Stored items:
___

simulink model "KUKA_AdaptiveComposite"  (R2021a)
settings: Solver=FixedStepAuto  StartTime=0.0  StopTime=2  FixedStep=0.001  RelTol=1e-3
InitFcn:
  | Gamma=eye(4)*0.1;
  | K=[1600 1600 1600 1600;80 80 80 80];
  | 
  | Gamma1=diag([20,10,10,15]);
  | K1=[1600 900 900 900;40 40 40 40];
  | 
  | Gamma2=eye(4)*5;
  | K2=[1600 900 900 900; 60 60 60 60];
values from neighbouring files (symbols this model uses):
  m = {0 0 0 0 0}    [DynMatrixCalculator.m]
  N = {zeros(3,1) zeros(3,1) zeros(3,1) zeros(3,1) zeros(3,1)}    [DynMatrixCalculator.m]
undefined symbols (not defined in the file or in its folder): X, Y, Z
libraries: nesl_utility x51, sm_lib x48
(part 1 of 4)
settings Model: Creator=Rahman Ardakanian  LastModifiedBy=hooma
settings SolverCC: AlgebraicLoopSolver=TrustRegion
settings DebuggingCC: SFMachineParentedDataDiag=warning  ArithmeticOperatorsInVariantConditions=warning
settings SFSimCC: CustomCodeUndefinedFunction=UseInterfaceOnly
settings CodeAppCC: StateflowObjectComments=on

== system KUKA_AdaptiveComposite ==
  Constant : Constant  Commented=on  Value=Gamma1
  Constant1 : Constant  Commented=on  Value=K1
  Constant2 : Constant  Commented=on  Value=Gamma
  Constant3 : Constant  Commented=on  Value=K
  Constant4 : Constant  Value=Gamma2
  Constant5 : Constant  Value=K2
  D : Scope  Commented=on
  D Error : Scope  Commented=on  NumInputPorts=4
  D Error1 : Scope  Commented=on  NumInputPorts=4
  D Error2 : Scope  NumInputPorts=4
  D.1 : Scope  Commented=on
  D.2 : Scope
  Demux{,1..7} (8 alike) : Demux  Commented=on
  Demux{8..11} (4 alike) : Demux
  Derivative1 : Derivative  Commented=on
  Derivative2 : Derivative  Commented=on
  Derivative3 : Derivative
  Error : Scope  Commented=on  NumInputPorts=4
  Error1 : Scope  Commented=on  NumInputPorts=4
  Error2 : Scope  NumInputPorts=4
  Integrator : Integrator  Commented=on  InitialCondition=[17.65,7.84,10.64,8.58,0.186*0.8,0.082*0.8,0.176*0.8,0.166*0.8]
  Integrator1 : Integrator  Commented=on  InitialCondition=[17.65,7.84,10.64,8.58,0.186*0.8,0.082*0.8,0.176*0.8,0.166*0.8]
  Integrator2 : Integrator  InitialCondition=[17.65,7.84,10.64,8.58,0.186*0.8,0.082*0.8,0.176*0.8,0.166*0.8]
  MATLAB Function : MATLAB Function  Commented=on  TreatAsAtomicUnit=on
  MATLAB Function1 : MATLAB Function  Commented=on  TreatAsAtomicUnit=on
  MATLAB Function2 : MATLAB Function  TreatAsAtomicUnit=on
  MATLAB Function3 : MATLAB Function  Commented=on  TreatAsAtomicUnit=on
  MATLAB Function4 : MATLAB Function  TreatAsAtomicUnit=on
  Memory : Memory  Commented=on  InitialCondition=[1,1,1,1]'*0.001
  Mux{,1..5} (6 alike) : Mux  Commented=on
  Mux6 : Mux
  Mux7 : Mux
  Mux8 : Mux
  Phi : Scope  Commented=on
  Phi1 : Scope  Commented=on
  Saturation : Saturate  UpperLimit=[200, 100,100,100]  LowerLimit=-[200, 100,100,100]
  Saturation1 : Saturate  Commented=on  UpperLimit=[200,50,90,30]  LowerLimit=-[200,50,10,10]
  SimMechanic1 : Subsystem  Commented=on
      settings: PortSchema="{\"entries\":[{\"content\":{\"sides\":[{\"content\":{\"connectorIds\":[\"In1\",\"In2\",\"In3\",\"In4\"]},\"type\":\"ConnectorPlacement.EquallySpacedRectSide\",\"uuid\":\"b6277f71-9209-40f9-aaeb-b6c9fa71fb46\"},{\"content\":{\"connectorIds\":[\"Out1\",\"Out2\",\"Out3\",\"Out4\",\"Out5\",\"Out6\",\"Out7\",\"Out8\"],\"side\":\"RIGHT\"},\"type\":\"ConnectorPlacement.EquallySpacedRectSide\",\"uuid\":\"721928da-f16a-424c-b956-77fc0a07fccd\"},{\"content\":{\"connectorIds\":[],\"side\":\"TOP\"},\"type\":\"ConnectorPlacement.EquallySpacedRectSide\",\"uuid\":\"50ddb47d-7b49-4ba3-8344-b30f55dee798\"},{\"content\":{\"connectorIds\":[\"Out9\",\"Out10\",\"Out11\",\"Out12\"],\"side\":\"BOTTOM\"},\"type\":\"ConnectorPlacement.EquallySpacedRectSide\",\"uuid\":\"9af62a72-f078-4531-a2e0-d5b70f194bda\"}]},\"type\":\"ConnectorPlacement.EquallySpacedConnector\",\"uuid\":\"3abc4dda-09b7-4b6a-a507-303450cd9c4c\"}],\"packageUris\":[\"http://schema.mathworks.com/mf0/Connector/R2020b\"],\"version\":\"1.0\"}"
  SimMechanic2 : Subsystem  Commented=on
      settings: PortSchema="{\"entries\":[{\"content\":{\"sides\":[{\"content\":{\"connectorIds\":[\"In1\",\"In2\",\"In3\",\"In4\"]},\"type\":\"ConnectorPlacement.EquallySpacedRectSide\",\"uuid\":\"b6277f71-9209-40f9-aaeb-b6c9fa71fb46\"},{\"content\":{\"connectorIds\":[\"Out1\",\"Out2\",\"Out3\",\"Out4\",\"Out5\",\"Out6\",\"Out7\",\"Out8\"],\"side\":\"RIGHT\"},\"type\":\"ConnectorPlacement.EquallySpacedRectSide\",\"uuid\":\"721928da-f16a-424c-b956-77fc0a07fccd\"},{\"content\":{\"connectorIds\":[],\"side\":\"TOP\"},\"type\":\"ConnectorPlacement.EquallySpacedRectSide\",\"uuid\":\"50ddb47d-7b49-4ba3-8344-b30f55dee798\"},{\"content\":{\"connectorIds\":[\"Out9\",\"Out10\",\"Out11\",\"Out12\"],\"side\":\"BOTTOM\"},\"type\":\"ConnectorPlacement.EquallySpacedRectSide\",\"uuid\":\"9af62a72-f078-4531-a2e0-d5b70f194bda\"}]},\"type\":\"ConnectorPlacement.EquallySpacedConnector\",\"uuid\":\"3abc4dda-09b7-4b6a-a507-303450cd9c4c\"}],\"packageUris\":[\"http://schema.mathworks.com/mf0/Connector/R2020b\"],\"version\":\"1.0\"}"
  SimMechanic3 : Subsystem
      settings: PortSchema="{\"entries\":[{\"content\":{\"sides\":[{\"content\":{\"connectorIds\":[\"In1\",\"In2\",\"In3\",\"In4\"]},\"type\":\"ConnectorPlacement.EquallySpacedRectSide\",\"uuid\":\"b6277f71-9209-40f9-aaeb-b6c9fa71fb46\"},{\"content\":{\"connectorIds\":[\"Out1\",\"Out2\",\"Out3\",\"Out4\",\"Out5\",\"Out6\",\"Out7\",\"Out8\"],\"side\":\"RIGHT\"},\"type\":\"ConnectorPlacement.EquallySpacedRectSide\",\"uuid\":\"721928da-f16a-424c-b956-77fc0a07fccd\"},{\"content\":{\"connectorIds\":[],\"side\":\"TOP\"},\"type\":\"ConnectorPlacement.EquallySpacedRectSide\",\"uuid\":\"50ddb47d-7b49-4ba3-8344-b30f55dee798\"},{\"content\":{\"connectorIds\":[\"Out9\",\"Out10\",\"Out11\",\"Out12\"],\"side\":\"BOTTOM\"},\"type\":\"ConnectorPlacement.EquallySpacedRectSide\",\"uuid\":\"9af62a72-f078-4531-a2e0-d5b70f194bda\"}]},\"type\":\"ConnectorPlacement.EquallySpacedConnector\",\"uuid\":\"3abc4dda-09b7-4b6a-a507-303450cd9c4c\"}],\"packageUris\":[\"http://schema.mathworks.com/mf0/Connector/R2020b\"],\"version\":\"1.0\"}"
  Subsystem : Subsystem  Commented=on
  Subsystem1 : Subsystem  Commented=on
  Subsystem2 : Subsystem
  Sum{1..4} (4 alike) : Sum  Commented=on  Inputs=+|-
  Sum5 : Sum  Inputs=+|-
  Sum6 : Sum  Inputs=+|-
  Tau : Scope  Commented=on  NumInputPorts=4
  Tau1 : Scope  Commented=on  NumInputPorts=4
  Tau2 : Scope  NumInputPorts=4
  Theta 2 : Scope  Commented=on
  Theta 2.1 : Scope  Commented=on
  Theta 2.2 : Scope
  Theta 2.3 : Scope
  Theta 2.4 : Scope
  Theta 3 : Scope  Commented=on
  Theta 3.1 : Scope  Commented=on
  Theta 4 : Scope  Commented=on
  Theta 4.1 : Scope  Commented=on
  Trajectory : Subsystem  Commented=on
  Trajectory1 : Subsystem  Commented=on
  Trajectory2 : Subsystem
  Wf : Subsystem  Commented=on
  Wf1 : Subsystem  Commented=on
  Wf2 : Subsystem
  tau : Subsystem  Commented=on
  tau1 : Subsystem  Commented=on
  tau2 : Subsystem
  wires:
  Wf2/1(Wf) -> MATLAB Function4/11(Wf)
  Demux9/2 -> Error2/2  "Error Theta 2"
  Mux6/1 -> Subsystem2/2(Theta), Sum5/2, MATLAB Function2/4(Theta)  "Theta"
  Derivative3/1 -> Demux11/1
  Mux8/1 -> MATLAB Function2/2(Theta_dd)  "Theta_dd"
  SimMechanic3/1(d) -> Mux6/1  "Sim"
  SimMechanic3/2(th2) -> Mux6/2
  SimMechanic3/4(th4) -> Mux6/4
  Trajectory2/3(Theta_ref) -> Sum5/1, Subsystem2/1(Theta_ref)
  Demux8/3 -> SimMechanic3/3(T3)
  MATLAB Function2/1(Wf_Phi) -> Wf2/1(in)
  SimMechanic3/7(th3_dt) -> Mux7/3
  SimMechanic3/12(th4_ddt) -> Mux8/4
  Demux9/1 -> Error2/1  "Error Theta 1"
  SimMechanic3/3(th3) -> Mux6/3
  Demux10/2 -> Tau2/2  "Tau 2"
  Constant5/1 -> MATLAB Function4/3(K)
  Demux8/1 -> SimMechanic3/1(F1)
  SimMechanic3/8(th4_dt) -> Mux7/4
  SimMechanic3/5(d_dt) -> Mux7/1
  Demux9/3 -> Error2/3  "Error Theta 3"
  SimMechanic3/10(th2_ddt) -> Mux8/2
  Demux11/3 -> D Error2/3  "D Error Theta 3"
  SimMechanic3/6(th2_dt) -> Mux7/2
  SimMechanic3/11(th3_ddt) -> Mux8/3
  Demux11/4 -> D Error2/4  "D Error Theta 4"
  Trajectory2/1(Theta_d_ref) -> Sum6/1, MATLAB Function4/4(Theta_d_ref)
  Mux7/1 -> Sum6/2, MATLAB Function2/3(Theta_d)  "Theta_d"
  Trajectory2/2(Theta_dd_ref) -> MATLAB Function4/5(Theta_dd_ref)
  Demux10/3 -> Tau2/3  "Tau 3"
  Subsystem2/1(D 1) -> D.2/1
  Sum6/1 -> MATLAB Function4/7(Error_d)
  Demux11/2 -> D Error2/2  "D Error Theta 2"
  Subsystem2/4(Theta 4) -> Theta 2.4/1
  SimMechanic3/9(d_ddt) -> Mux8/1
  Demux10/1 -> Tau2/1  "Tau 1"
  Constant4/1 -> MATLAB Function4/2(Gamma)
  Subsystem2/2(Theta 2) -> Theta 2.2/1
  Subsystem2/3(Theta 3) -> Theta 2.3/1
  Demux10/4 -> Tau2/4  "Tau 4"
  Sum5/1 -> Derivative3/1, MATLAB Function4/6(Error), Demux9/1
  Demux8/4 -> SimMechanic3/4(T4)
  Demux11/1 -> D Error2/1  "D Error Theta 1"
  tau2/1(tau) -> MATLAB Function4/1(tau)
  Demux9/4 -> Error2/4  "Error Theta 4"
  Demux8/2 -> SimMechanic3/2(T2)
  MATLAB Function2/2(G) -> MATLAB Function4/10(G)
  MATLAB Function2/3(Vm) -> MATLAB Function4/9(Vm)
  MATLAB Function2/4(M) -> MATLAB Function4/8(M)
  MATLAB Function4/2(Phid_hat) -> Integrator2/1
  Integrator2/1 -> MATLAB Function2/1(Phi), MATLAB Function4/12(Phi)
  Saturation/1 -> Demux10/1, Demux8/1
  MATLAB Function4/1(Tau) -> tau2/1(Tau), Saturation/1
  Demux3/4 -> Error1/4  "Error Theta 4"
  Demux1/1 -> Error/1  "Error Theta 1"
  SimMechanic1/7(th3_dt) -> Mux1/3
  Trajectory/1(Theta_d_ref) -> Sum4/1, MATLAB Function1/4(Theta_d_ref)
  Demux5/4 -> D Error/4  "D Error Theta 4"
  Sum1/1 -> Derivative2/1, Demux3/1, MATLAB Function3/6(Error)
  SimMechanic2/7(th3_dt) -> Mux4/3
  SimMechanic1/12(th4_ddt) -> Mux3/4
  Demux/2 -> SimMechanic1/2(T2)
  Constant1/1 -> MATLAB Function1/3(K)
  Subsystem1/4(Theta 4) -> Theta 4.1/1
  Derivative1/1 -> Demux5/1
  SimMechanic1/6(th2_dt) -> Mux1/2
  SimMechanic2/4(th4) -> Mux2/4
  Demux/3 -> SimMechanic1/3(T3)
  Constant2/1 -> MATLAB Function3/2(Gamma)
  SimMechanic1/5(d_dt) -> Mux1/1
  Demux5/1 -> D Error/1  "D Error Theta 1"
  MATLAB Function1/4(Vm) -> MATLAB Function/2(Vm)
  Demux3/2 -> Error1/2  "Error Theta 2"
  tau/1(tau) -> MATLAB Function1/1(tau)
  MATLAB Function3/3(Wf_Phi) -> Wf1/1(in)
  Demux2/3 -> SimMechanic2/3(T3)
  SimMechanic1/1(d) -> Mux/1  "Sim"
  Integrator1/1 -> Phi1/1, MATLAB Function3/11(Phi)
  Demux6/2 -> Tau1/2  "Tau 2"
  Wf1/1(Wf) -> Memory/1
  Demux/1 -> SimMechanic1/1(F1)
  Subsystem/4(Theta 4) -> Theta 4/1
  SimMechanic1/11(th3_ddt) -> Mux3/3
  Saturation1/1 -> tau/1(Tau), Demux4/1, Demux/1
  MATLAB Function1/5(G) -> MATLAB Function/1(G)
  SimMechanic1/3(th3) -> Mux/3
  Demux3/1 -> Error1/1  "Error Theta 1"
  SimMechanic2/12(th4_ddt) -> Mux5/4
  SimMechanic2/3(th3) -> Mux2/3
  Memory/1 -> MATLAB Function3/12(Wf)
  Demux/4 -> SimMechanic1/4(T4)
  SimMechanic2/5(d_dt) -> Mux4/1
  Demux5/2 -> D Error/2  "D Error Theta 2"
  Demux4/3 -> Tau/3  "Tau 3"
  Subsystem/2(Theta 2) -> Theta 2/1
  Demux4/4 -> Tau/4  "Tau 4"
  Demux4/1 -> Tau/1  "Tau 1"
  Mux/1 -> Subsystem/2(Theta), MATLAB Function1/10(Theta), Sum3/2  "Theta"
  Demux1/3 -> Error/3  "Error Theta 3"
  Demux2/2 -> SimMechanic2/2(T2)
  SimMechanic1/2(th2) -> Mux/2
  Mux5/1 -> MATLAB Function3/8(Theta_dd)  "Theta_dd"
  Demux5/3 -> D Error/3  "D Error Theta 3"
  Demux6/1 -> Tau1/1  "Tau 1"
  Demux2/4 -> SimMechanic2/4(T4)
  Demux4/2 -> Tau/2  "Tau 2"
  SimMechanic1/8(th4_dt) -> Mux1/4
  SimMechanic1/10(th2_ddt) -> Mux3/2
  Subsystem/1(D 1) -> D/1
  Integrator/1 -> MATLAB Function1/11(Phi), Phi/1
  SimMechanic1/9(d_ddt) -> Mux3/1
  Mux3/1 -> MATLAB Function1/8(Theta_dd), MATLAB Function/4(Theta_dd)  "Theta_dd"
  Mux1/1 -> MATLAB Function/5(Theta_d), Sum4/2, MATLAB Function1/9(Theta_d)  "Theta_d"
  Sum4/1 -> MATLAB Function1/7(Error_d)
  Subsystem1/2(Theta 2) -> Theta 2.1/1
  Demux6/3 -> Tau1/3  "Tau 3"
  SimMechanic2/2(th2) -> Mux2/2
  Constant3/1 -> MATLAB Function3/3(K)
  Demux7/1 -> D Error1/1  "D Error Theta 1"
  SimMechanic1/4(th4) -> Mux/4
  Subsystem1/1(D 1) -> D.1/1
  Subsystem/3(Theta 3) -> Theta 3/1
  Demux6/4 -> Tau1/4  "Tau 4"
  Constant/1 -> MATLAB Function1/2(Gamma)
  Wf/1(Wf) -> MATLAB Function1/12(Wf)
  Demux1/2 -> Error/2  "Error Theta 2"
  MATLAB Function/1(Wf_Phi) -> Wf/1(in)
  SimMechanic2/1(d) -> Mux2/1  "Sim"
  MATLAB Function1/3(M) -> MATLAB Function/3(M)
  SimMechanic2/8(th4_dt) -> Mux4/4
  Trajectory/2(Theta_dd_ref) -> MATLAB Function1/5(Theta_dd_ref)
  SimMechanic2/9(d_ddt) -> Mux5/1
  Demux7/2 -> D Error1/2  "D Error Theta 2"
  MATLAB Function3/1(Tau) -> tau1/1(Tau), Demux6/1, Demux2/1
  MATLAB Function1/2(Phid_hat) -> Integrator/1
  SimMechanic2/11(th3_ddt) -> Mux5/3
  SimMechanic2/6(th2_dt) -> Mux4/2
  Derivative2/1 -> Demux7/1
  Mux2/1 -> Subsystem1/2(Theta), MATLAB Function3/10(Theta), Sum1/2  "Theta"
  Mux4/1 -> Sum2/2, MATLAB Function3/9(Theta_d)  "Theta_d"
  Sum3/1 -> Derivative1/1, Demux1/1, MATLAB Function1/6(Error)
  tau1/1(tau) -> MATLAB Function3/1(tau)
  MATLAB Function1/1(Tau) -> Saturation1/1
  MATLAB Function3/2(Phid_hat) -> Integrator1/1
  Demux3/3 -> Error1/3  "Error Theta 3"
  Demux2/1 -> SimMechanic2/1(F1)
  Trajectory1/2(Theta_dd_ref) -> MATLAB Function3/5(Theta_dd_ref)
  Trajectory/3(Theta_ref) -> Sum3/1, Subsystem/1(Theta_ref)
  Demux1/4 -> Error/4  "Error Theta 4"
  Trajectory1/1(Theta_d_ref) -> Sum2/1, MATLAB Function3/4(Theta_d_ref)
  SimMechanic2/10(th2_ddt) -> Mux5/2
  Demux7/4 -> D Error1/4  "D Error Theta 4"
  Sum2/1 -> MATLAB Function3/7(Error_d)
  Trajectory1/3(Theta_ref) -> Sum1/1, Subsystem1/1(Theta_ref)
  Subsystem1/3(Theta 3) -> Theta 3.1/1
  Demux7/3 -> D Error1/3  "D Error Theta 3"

___

● TASK REQUIREMENTS:
In the data above, find the line that contains "Trajectory : Subsystem" and the line that contains "Demux9/3 -> Error2/3". Repeat exactly those lines and every line between them, and only those.

● EXERCISE SOLUTION:
  Trajectory : Subsystem  Commented=on
  Trajectory1 : Subsystem  Commented=on
  Trajectory2 : Subsystem
  Wf : Subsystem  Commented=on
  Wf1 : Subsystem  Commented=on
  Wf2 : Subsystem
  tau : Subsystem  Commented=on
  tau1 : Subsystem  Commented=on
  tau2 : Subsystem
  wires:
  Wf2/1(Wf) -> MATLAB Function4/11(Wf)
  Demux9/2 -> Error2/2  "Error Theta 2"
  Mux6/1 -> Subsystem2/2(Theta), Sum5/2, MATLAB Function2/4(Theta)  "Theta"
  Derivative3/1 -> Demux11/1
  Mux8/1 -> MATLAB Function2/2(Theta_dd)  "Theta_dd"
  SimMechanic3/1(d) -> Mux6/1  "Sim"
  SimMechanic3/2(th2) -> Mux6/2
  SimMechanic3/4(th4) -> Mux6/4
  Trajectory2/3(Theta_ref) -> Sum5/1, Subsystem2/1(Theta_ref)
  Demux8/3 -> SimMechanic3/3(T3)
  MATLAB Function2/1(Wf_Phi) -> Wf2/1(in)
  SimMechanic3/7(th3_dt) -> Mux7/3
  SimMechanic3/12(th4_ddt) -> Mux8/4
  Demux9/1 -> Error2/1  "Error Theta 1"
  SimMechanic3/3(th3) -> Mux6/3
  Demux10/2 -> Tau2/2  "Tau 2"
  Constant5/1 -> MATLAB Function4/3(K)
  Demux8/1 -> SimMechanic3/1(F1)
  SimMechanic3/8(th4_dt) -> Mux7/4
  SimMechanic3/5(d_dt) -> Mux7/1
  Demux9/3 -> Error2/3  "Error Theta 3"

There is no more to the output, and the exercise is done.